I've been blocking ads for so long that actually seeing them feels perverse
I use ad blockers and open source privacy focused software whenever I can but occasionally I have to use computers that don't belong to me or an older phone where my usual applications aren't installed and seeing all the advertisements just feels dirty and dystopian.
I think the worst ads are the text to speech ones that say "Download this app today". The unblinking energenic people saying you can make a living at home are probably a close second.
It's made me very intolerant of ads. It's kind of surprising how much effort I will invest to avoid ads, and avoid supporting people who make a living from advertising revenue.
...just imagine if they were all doing something productive instead.
Props to @DogMuffins@discuss.tchncs.de for helping to discourage their parasitic behavior and ushering them toward career paths that might actually utilize their potential in a positive way!
Lots of the web is still run by advertising revenue. I know a few of the sites I like to go to rely on advertisting. I certainly don't consider them parasites like you do, they're just working within the system, because the alternative is to not exist, and I'd rather not have that.
Enough to pay for it ... if it's good enough to be worth paying for.
It's that last part that kills most content creators. There's people whose work I'll idly browse as long as I don't have to pay for it (even with ads: I love my ad blocker!). But you're right, 99.44% of content creators whose work I idly look over would not get a single red cent out of me from direct payment.
So maybe it would be good to switch to payment-only schemes. That would kill off the crap creators and leave those behind who make something people think is worth paying for.
I mean ... I still pay for books and music. I do pay for content. Just not shit content.
Enough to pay for it … if it’s good enough to be worth paying for.
I'll give you an example. I use a site called lacemarket which is a buying/selling site for a niche hobby of Japanese street fashion. It will never be popular enough that enough people would be using the site in order for them to make enough to pay for hosting the site.
So they're forced to run ad's cause they have no other way to keep the site up. The owners are also not taking a percentage of people's sales so they can continue to bring in people who want to use the site. But in order to not take money from the sellers, the only other option they have to keep the site running is ad funding.

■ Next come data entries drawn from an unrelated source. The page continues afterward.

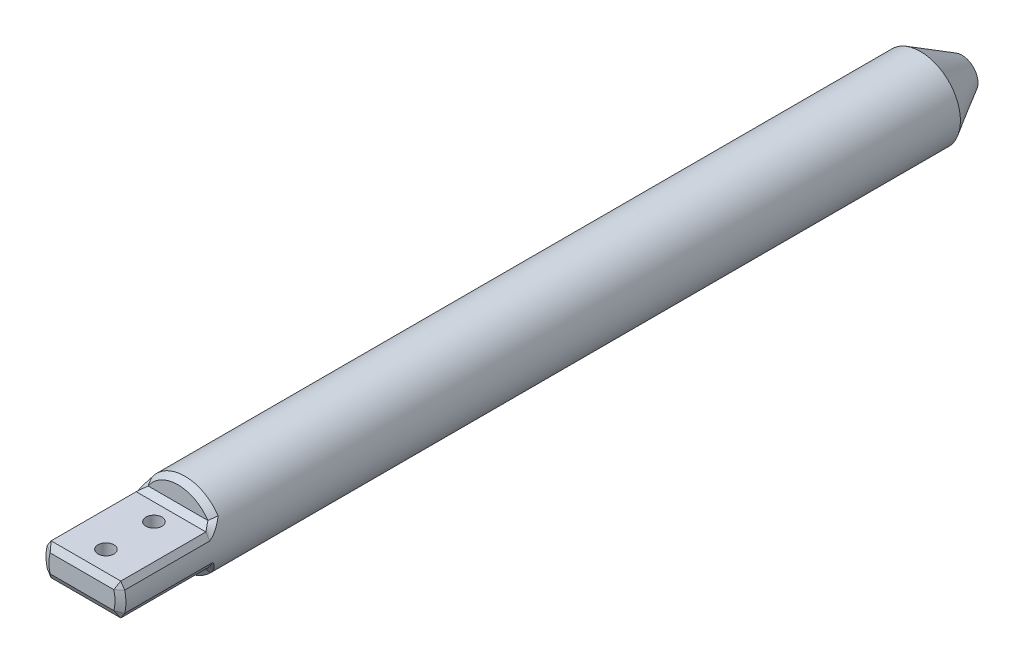
ISO-10303-21;
HEADER;
FILE_DESCRIPTION(('STEP AP214'),'2;1');
FILE_NAME('part.step','',(''),(''),'','','');
FILE_SCHEMA(('AUTOMOTIVE_DESIGN { 1 0 10303 214 1 1 1 1 }'));
ENDSEC;
DATA;
#1=APPLICATION_CONTEXT('core data for automotive mechanical design processes');
#2=APPLICATION_PROTOCOL_DEFINITION('international standard','automotive_design',2000,#1);
#3=PRODUCT_CONTEXT('',#1,'mechanical');
#4=PRODUCT('Part','Part','',(#3));
#5=PRODUCT_RELATED_PRODUCT_CATEGORY('part','',(#4));
#6=PRODUCT_DEFINITION_FORMATION('','',#4);
#7=PRODUCT_DEFINITION_CONTEXT('part definition',#1,'design');
#8=PRODUCT_DEFINITION('design','',#6,#7);
#9=PRODUCT_DEFINITION_SHAPE('','',#8);
#10=(LENGTH_UNIT() NAMED_UNIT(*) SI_UNIT(.MILLI.,.METRE.));
#11=(NAMED_UNIT(*) PLANE_ANGLE_UNIT() SI_UNIT($,.RADIAN.));
#12=(NAMED_UNIT(*) SI_UNIT($,.STERADIAN.) SOLID_ANGLE_UNIT());
#13=UNCERTAINTY_MEASURE_WITH_UNIT(LENGTH_MEASURE(1.E-05),#10,'distance_accuracy_value','');
#14=(GEOMETRIC_REPRESENTATION_CONTEXT(3) GLOBAL_UNCERTAINTY_ASSIGNED_CONTEXT((#13)) GLOBAL_UNIT_ASSIGNED_CONTEXT((#10,
#11,#12)) REPRESENTATION_CONTEXT('',''));
#15=CARTESIAN_POINT('',(0.,0.,0.));
#16=DIRECTION('',(0.,0.,1.));
#17=DIRECTION('',(1.,0.,0.));
#18=AXIS2_PLACEMENT_3D('',#15,#16,#17);
#19=CARTESIAN_POINT('',(0.,0.,110.));
#20=DIRECTION('',(0.,0.,-1.));
#21=DIRECTION('',(-1.,0.,0.));
#22=AXIS2_PLACEMENT_3D('',#19,#20,#21);
#23=CYLINDRICAL_SURFACE('',#22,5.);
#24=CARTESIAN_POINT('',(0.,0.,97.5));
#25=DIRECTION('',(0.,0.,1.));
#26=DIRECTION('',(1.,0.,0.));
#27=AXIS2_PLACEMENT_3D('',#24,#25,#26);
#28=CIRCLE('',#27,5.);
#29=CARTESIAN_POINT('',(3.60331431102539,-3.46642841783292,97.5));
#30=VERTEX_POINT('',#29);
#31=CARTESIAN_POINT('',(-3.60331431102539,-3.46642841783292,97.5));
#32=VERTEX_POINT('',#31);
#33=EDGE_CURVE('E603',#30,#32,#28,.F.);
#34=ORIENTED_EDGE('',*,*,#33,.T.);
#35=CARTESIAN_POINT('',(-4.83864352167007,-1.25997177357285,98.5));
#36=CARTESIAN_POINT('',(-4.83791114577477,-1.26278495482825,98.4946978248831));
#37=CARTESIAN_POINT('',(-4.83709577018911,-1.26590558939991,98.4895927835642));
#38=CARTESIAN_POINT('',(-4.83534131177357,-1.27259020517477,98.4797289513375));
#39=CARTESIAN_POINT('',(-4.83440269566841,-1.27615251101995,98.474968954316));
#40=CARTESIAN_POINT('',(-4.83147444635218,-1.28721117534268,98.4611672236894));
#41=CARTESIAN_POINT('',(-4.8293570416262,-1.29513865878249,98.4525058699072));
#42=CARTESIAN_POINT('',(-4.82296795322773,-1.31880017914286,98.428608200873));
#43=CARTESIAN_POINT('',(-4.81842942957423,-1.3353071419528,98.414233622582));
#44=CARTESIAN_POINT('',(-4.80888072189852,-1.3692999020264,98.3868612842947));
#45=CARTESIAN_POINT('',(-4.80386968090309,-1.38678745350685,98.3738661204037));
#46=CARTESIAN_POINT('',(-4.79337950997212,-1.4226267288188,98.34863068673));
#47=CARTESIAN_POINT('',(-4.78789393244556,-1.44098803322506,98.3364067590257));
#48=CARTESIAN_POINT('',(-4.77658218596247,-1.47805231913705,98.3127110717005));
#49=CARTESIAN_POINT('',(-4.77075637913052,-1.49675492330587,98.3012385389667));
#50=CARTESIAN_POINT('',(-4.75287903470475,-1.55295728881334,98.2678372368326));
#51=CARTESIAN_POINT('',(-4.7403528957484,-1.59080795853006,98.2467524992912));
#52=CARTESIAN_POINT('',(-4.71411921693592,-1.66694541992416,98.2061555446388));
#53=CARTESIAN_POINT('',(-4.70041120415756,-1.70523238081382,98.1866439631199));
#54=CARTESIAN_POINT('',(-4.65753757529481,-1.82045432872911,98.1298607433333));
#55=CARTESIAN_POINT('',(-4.62665474636726,-1.89764773362114,98.0943981647259));
#56=CARTESIAN_POINT('',(-4.56077692730352,-2.05090889943149,98.0270453815647));
#57=CARTESIAN_POINT('',(-4.52581878623369,-2.12698066420921,97.9951275891934));
#58=CARTESIAN_POINT('',(-4.45171487251678,-2.2780039456643,97.9337772548907));
#59=CARTESIAN_POINT('',(-4.41257211527258,-2.35295622523475,97.9043429503794));
#60=CARTESIAN_POINT('',(-4.33699380636204,-2.48907754548971,97.8521117313724));
#61=CARTESIAN_POINT('',(-4.30117777870619,-2.55047965329606,97.8290211626252));
#62=CARTESIAN_POINT('',(-4.22674785975603,-2.67201824569944,97.7839575746636));
#63=CARTESIAN_POINT('',(-4.18813298383377,-2.73215427519795,97.7619849534125));
#64=CARTESIAN_POINT('',(-4.10818437250475,-2.85095581894606,97.7189794346438));
#65=CARTESIAN_POINT('',(-4.06685005895411,-2.90962101681647,97.6979467385576));
#66=CARTESIAN_POINT('',(-3.98128492698696,-3.0256568581233,97.6565525855111));
#67=CARTESIAN_POINT('',(-3.93703767345193,-3.08301716445353,97.6361961244368));
#68=CARTESIAN_POINT('',(-3.84597525245467,-3.19589275652982,97.5961794342345));
#69=CARTESIAN_POINT('',(-3.79916059754885,-3.25140840701495,97.5765190674187));
#70=CARTESIAN_POINT('',(-3.70306669150843,-3.36044350451535,97.5378176614275));
#71=CARTESIAN_POINT('',(-3.65378849263906,-3.41396378705343,97.5187763634658));
#72=CARTESIAN_POINT('',(-3.60331431102539,-3.46642841783292,97.5));
#73=B_SPLINE_CURVE_WITH_KNOTS('',3,(#35,#36,#37,#38,#39,#40,#41,#42,#43,#44,#45,#46,#47,#48,#49,
#50,#51,#52,#53,#54,#55,#56,#57,#58,#59,#60,#61,#62,#63,#64,#65,#66,#67,#68,#69,#70,#71,#72),
.UNSPECIFIED.,.F.,.F.,(4,2,2,2,2,2,2,2,2,2,2,2,2,2,2,2,2,2,4),(0.,0.0181002082918333,
0.0361337464307406,0.0718579284492207,0.138771868201761,0.205809589128962,0.273973099392862,
0.342065336937103,0.477298371754491,0.612585772946951,0.883525739025791,1.15218233256534,
1.42064662268481,1.64479981007392,1.86903224036944,2.09331249678763,2.31898947279283,
2.54462155747039,2.77015807683253),.UNSPECIFIED.);
#74=CARTESIAN_POINT('',(-4.83864352167007,-1.25997177357285,98.5));
#75=VERTEX_POINT('',#74);
#76=EDGE_CURVE('E12',#32,#75,#73,.F.);
#77=ORIENTED_EDGE('',*,*,#76,.T.);
#78=DIRECTION('',(0.,0.,-1.));
#79=VECTOR('',#78,1.);
#80=CARTESIAN_POINT('',(-4.83864352167006,-1.25997177357285,110.));
#81=LINE('',#80,#79);
#82=CARTESIAN_POINT('',(-4.83864352167007,-1.25997177357285,109.5));
#83=VERTEX_POINT('',#82);
#84=EDGE_CURVE('E609',#75,#83,#81,.F.);
#85=ORIENTED_EDGE('',*,*,#84,.T.);
#86=CARTESIAN_POINT('',(0.,0.,109.5));
#87=DIRECTION('',(0.,0.,1.));
#88=DIRECTION('',(1.,0.,0.));
#89=AXIS2_PLACEMENT_3D('',#86,#87,#88);
#90=CIRCLE('',#89,5.);
#91=CARTESIAN_POINT('',(-4.83864352167006,1.25997177357285,109.5));
#92=VERTEX_POINT('',#91);
#93=EDGE_CURVE('E573',#83,#92,#90,.F.);
#94=ORIENTED_EDGE('',*,*,#93,.T.);
#95=DIRECTION('',(0.,0.,-1.));
#96=VECTOR('',#95,1.);
#97=CARTESIAN_POINT('',(-4.83864352167006,1.25997177357285,110.));
#98=LINE('',#97,#96);
#99=CARTESIAN_POINT('',(-4.83864352167006,1.25997177357285,98.8660254037844));
#100=VERTEX_POINT('',#99);
#101=EDGE_CURVE('E658',#92,#100,#98,.T.);
#102=ORIENTED_EDGE('',*,*,#101,.T.);
#103=CARTESIAN_POINT('',(-4.1573970964155,2.77777777777777,97.1339745962156));
#104=CARTESIAN_POINT('',(-4.18999144582304,2.7290066979412,97.1787698517985));
#105=CARTESIAN_POINT('',(-4.22163378587104,2.67977923219781,97.2237652760217));
#106=CARTESIAN_POINT('',(-4.28290834573235,2.58071153628058,97.314467466037));
#107=CARTESIAN_POINT('',(-4.31254016959463,2.53087118767541,97.3601743697815));
#108=CARTESIAN_POINT('',(-4.3698036588613,2.43067148976703,97.4528017566977));
#109=CARTESIAN_POINT('',(-4.39742569176498,2.38031081325133,97.4997267866347));
#110=CARTESIAN_POINT('',(-4.4504389150907,2.2796561285107,97.594877136005));
#111=CARTESIAN_POINT('',(-4.47583025415723,2.22936211606385,97.6431023685178));
#112=CARTESIAN_POINT('',(-4.54136428832915,2.09402864495546,97.7755610390604));
#113=CARTESIAN_POINT('',(-4.57934762961149,2.00938615272183,97.8613038400675));
#114=CARTESIAN_POINT('',(-4.63126118465874,1.88505755243007,97.994079313664));
#115=CARTESIAN_POINT('',(-4.64770295349641,1.8441084544682,98.0389666949668));
#116=CARTESIAN_POINT('',(-4.67894616188764,1.7633305646485,98.1303236282952));
#117=CARTESIAN_POINT('',(-4.69374718488855,1.72350205919315,98.176793578207));
#118=CARTESIAN_POINT('',(-4.72217298573088,1.64405629321745,98.2730125112414));
#119=CARTESIAN_POINT('',(-4.73574308092364,1.60448904523821,98.3228190712379));
#120=CARTESIAN_POINT('',(-4.76113594457901,1.5274893678067,98.4244517478379));
#121=CARTESIAN_POINT('',(-4.77295986022125,1.49005554678416,98.4762765100129));
#122=CARTESIAN_POINT('',(-4.78940368292854,1.43595695942918,98.5559453343732));
#123=CARTESIAN_POINT('',(-4.79468551616539,1.41820870130934,98.5829196240951));
#124=CARTESIAN_POINT('',(-4.8047864501276,1.38360106532777,98.6375110249733));
#125=CARTESIAN_POINT('',(-4.80960565297953,1.36674149165946,98.665127992577));
#126=CARTESIAN_POINT('',(-4.81877297359277,1.33405931891587,98.7211354781056));
#127=CARTESIAN_POINT('',(-4.82312002411845,1.31823909976782,98.7495275741319));
#128=CARTESIAN_POINT('',(-4.83128861397304,1.28798304259346,98.807138434298));
#129=CARTESIAN_POINT('',(-4.83510975318258,1.27354826112326,98.8363578076848));
#130=CARTESIAN_POINT('',(-4.83864352167006,1.25997177357285,98.8660254037844));
#131=B_SPLINE_CURVE_WITH_KNOTS('',3,(#103,#104,#105,#106,#107,#108,#109,#110,#111,#112,#113,
#114,#115,#116,#117,#118,#119,#120,#121,#122,#123,#124,#125,#126,#127,#128,#129,#130),
.UNSPECIFIED.,.F.,.F.,(4,2,2,2,2,2,2,2,2,2,2,2,2,4),(0.,0.221420341216524,0.442884163133895,
0.665347672896824,0.887796347321537,1.26642370584303,1.45521818859747,1.64406049326108,
1.83911249555734,2.03403577987126,2.13217432501867,2.23029115582921,2.32862534292581,
2.42703393505612),.UNSPECIFIED.);
#132=CARTESIAN_POINT('',(-4.1573970964155,2.77777777777777,97.1339745962156));
#133=VERTEX_POINT('',#132);
#134=EDGE_CURVE('E237',#133,#100,#131,.T.);
#135=ORIENTED_EDGE('',*,*,#134,.F.);
#136=CARTESIAN_POINT('',(0.,0.,97.1339745962156));
#137=DIRECTION('',(0.,0.,1.));
#138=DIRECTION('',(1.,0.,0.));
#139=AXIS2_PLACEMENT_3D('',#136,#137,#138);
#140=CIRCLE('',#139,5.);
#141=CARTESIAN_POINT('',(4.1573970964155,2.77777777777777,97.1339745962156));
#142=VERTEX_POINT('',#141);
#143=EDGE_CURVE('E218',#133,#142,#140,.F.);
#144=ORIENTED_EDGE('',*,*,#143,.T.);
#145=CARTESIAN_POINT('',(4.83864352167006,1.25997177357286,98.8660254037844));
#146=CARTESIAN_POINT('',(4.83458898174738,1.27555187103196,98.8320096043417));
#147=CARTESIAN_POINT('',(4.83016020376759,1.29224270478878,98.7985803966234));
#148=CARTESIAN_POINT('',(4.82062035095089,1.32738221084305,98.7327966258347));
#149=CARTESIAN_POINT('',(4.81550994098627,1.34582916524185,98.7004410534537));
#150=CARTESIAN_POINT('',(4.8046790909688,1.38399921384581,98.6367240544075));
#151=CARTESIAN_POINT('',(4.79896028099469,1.40371884500808,98.6053602494305));
#152=CARTESIAN_POINT('',(4.78692333116714,1.44423399416857,98.5434434058922));
#153=CARTESIAN_POINT('',(4.78060502210925,1.46502981515652,98.5128905993622));
#154=CARTESIAN_POINT('',(4.76087506170675,1.52840181261237,98.4228127261823));
#155=CARTESIAN_POINT('',(4.74660402744602,1.57226441194057,98.364377789047));
#156=CARTESIAN_POINT('',(4.71577497290737,1.66245097910402,98.2500203219606));
#157=CARTESIAN_POINT('',(4.69921526991065,1.70877674239095,98.1940996810838));
#158=CARTESIAN_POINT('',(4.66647976249786,1.79605060525544,98.092830457192));
#159=CARTESIAN_POINT('',(4.65062545190627,1.83675094003219,98.0471631236932));
#160=CARTESIAN_POINT('',(4.61725810005428,1.91908910791679,97.9573373290821));
#161=CARTESIAN_POINT('',(4.59974557821099,1.96072664436137,97.9131784013367));
#162=CARTESIAN_POINT('',(4.54461200746628,2.08684331910976,97.7825192959063));
#163=CARTESIAN_POINT('',(4.50446500397664,2.17233676726361,97.6980524961803));
#164=CARTESIAN_POINT('',(4.41684267594027,2.34543613145525,97.5319420664484));
#165=CARTESIAN_POINT('',(4.36925498024934,2.43305333186046,97.4503702620225));
#166=CARTESIAN_POINT('',(4.29316003966695,2.56345596721803,97.3302724402948));
#167=CARTESIAN_POINT('',(4.26705677973543,2.60668197007473,97.2906804328565));
#168=CARTESIAN_POINT('',(4.21334050705385,2.69264457746538,97.2120008845296));
#169=CARTESIAN_POINT('',(4.18572762356588,2.73538122352288,97.1729133008026));
#170=CARTESIAN_POINT('',(4.1573970964155,2.77777777777777,97.1339745962156));
#171=B_SPLINE_CURVE_WITH_KNOTS('',3,(#145,#146,#147,#148,#149,#150,#151,#152,#153,#154,#155,
#156,#157,#158,#159,#160,#161,#162,#163,#164,#165,#166,#167,#168,#169,#170),.UNSPECIFIED.,.F.,
.F.,(4,2,2,2,2,2,2,2,2,2,2,2,4),(0.,0.112833247447271,0.225557230003366,0.337986456353896,
0.450447510003236,0.673627588001006,0.896972638416056,1.08650154942326,1.27597128767746,
1.65579569547722,2.04203842998577,2.23452088078048,2.42698687592764),.UNSPECIFIED.);
#172=CARTESIAN_POINT('',(4.83864352167006,1.25997177357286,98.8660254037844));
#173=VERTEX_POINT('',#172);
#174=EDGE_CURVE('E208',#173,#142,#171,.T.);
#175=ORIENTED_EDGE('',*,*,#174,.F.);
#176=DIRECTION('',(0.,0.,-1.));
#177=VECTOR('',#176,1.);
#178=CARTESIAN_POINT('',(4.83864352167006,1.25997177357286,110.));
#179=LINE('',#178,#177);
#180=CARTESIAN_POINT('',(4.83864352167006,1.25997177357286,109.5));
#181=VERTEX_POINT('',#180);
#182=EDGE_CURVE('E656',#173,#181,#179,.F.);
#183=ORIENTED_EDGE('',*,*,#182,.T.);
#184=CARTESIAN_POINT('',(0.,0.,109.5));
#185=DIRECTION('',(0.,0.,1.));
#186=DIRECTION('',(1.,0.,0.));
#187=AXIS2_PLACEMENT_3D('',#184,#185,#186);
#188=CIRCLE('',#187,5.);
#189=CARTESIAN_POINT('',(4.83864352167007,-1.25997177357285,109.5));
#190=VERTEX_POINT('',#189);
#191=EDGE_CURVE('E653',#181,#190,#188,.F.);
#192=ORIENTED_EDGE('',*,*,#191,.T.);
#193=DIRECTION('',(0.,0.,-1.));
#194=VECTOR('',#193,1.);
#195=CARTESIAN_POINT('',(4.83864352167006,-1.25997177357285,110.));
#196=LINE('',#195,#194);
#197=CARTESIAN_POINT('',(4.83864352167007,-1.25997177357285,98.5));
#198=VERTEX_POINT('',#197);
#199=EDGE_CURVE('E647',#190,#198,#196,.T.);
#200=ORIENTED_EDGE('',*,*,#199,.T.);
#201=CARTESIAN_POINT('',(3.60331431102539,-3.46642841783292,97.5));
#202=CARTESIAN_POINT('',(3.65202035345034,-3.41580000550394,97.5181174534395));
#203=CARTESIAN_POINT('',(3.69960888203647,-3.36419525857177,97.5364817461299));
#204=CARTESIAN_POINT('',(3.79247760551225,-3.25914529307435,97.5737764898679));
#205=CARTESIAN_POINT('',(3.83775778165333,-3.20570005956647,97.5927069455118));
#206=CARTESIAN_POINT('',(3.9700449425102,-3.04274820318422,97.6504646872862));
#207=CARTESIAN_POINT('',(4.0534760852437,-2.93064881859808,97.6902500802594));
#208=CARTESIAN_POINT('',(4.21470240041271,-2.69405452156694,97.7756736011546));
#209=CARTESIAN_POINT('',(4.29188933373346,-2.56921779847032,97.8215174053492));
#210=CARTESIAN_POINT('',(4.39862282431041,-2.3785367925896,97.8944625768151));
#211=CARTESIAN_POINT('',(4.43269737924955,-2.31439534530826,97.9194783791065));
#212=CARTESIAN_POINT('',(4.49776337436799,-2.18525694452054,97.9712316893919));
#213=CARTESIAN_POINT('',(4.52875531797972,-2.12026013267656,97.9979689150752));
#214=CARTESIAN_POINT('',(4.58874986728373,-1.98718515525398,98.0546897555812));
#215=CARTESIAN_POINT('',(4.61762624175262,-1.91908636355318,98.0847597055306));
#216=CARTESIAN_POINT('',(4.65829532127212,-1.81703744075019,98.1321760201679));
#217=CARTESIAN_POINT('',(4.671401712461,-1.78306373683589,98.14835337799));
#218=CARTESIAN_POINT('',(4.69672470303182,-1.71525120944844,98.1816513115703));
#219=CARTESIAN_POINT('',(4.70894140152076,-1.68141237135013,98.1987717818965));
#220=CARTESIAN_POINT('',(4.7344813632306,-1.6082385185814,98.2372253160211));
#221=CARTESIAN_POINT('',(4.74763467953905,-1.56895698307482,98.2587770714112));
#222=CARTESIAN_POINT('',(4.76638082366708,-1.51064028530392,98.2928707529368));
#223=CARTESIAN_POINT('',(4.77247637400516,-1.49126551685596,98.3045539202937));
#224=CARTESIAN_POINT('',(4.78430325182178,-1.45287496610896,98.3286604459148));
#225=CARTESIAN_POINT('',(4.79003467546799,-1.43385908996512,98.3410836070494));
#226=CARTESIAN_POINT('',(4.80157955170935,-1.3947340328673,98.3680430633048));
#227=CARTESIAN_POINT('',(4.80735652649025,-1.37467423035488,98.3826691570357));
#228=CARTESIAN_POINT('',(4.81554456701524,-1.34559714930494,98.4058937878424));
#229=CARTESIAN_POINT('',(4.81818507608973,-1.33610819699121,98.4138166160376));
#230=CARTESIAN_POINT('',(4.82327882237037,-1.31760126242381,98.4302514772549));
#231=CARTESIAN_POINT('',(4.82573212707753,-1.30858311078574,98.4387632957713));
#232=CARTESIAN_POINT('',(4.8300997457424,-1.29236135385335,98.4555281047136));
#233=CARTESIAN_POINT('',(4.83204330993397,-1.28507054589167,98.4636862382102));
#234=CARTESIAN_POINT('',(4.83473333568819,-1.27489844606433,98.4766405978463));
#235=CARTESIAN_POINT('',(4.83559549253994,-1.27162337958873,98.4810978183009));
#236=CARTESIAN_POINT('',(4.83721074719702,-1.26546539508924,98.4903123643399));
#237=CARTESIAN_POINT('',(4.83796349013983,-1.26258375482313,98.4950705976104));
#238=CARTESIAN_POINT('',(4.83864352166735,-1.25997177357769,98.4999999999978));
#239=B_SPLINE_CURVE_WITH_KNOTS('',3,(#201,#202,#203,#204,#205,#206,#207,#208,#209,#210,#211,
#212,#213,#214,#215,#216,#217,#218,#219,#220,#221,#222,#223,#224,#225,#226,#227,#228,#229,#230,
#231,#232,#233,#234,#235,#236,#237,#238),.UNSPECIFIED.,.F.,.F.,(4,2,2,2,2,2,2,2,2,2,2,2,2,2,2,2,
2,2,4),(0.,0.217625187499162,0.435252142281957,0.870606166500743,1.3312303484465,
1.56161329193997,1.79195854876834,2.0313659227303,2.15088612661754,2.27039299616369,
2.41041087147184,2.48069161482942,2.55095371886457,2.62734649906397,2.66525191129714,
2.70314359060441,2.73641782304225,2.75319169163709,2.77001880393019),.UNSPECIFIED.);
#240=EDGE_CURVE('E55',#198,#30,#239,.F.);
#241=ORIENTED_EDGE('',*,*,#240,.T.);
#242=EDGE_LOOP('',(#34,#77,#85,#94,#102,#135,#144,#175,#183,#192,#200,#241));
#243=FACE_BOUND('',#242,.T.);
#244=CARTESIAN_POINT('',(0.,0.,5.19615242270667));
#245=DIRECTION('',(0.,0.,1.));
#246=DIRECTION('',(1.,0.,0.));
#247=AXIS2_PLACEMENT_3D('',#244,#245,#246);
#248=CIRCLE('',#247,5.);
#249=CARTESIAN_POINT('',(5.,0.,5.19615242270667));
#250=VERTEX_POINT('',#249);
#251=EDGE_CURVE('E550',#250,#250,#248,.T.);
#252=ORIENTED_EDGE('',*,*,#251,.T.);
#253=EDGE_LOOP('',(#252));
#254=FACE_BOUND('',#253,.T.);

It sucks but its too niche to do it any other way.
If it is that niche, it is not a self-sustaining business model (with the evidence for this being that they instead have to sell their users to third parties).
Perhaps it's just better left to die than to propagate an economic model that commoditizes human beings who aren't even part of the business?
no, its a hobby community and its been running since at least 2014. There is a demand for it but only in that community.
So letting it die wouldn't be an option. It's not a ton of people but I can think of lots of communities that have like 300 ish people in them who would be fucking livid if that site went down.
Actually, since the Internet began to be public domain, physical newspapers has lower and lower sales. Since people can find the news online.
This is one reason behind ads online.
Today, many local areas have nobody that works as a journalist, no local news=local politicians can do whatever they want without anybody question them.
So, what do you prefer? A community that has journalists asking the tough questions, digging for dirt or a community where corruption can flow free?
Support your local newspaper/news station with a subscription and use adblock.
Actually I personally believe that public funded media is vastly better than independent. Private media has prudent itself incapable of being anything other than corporate / conservative shills.
There are no more local newspapers or stations for all practical purposes. 70% of the UK's "local" news media (print or broadcast) are owned by four media conglomerates. Most "local" television media in the USA is owned by the (right wing asshole collection) Sinclair Broadcast Group or (fellow right wing asshole collection) Rosebud Media. About 2/3 of "local" newspapers in the USA aren't locally-owned or operated and don't hire local reporters. Of these, about half are owned by 25 companies (themselves part of larger conglomerates in twisted, difficult-to-unravel relationships).
So it's kind of difficult to support your local newspaper/station. Because it's a unicorn for most people.
That's a lot of people who are a net drain on society both economically and in terms of accomplishment. SO MUCH EFFORT is wasted on trying to get my eyes on their graffiti. The greatest engineers of the 1950s and 1960s put humans on the Moon. The greatest engineers of the 2000s onwards struggle to get eyes on ads.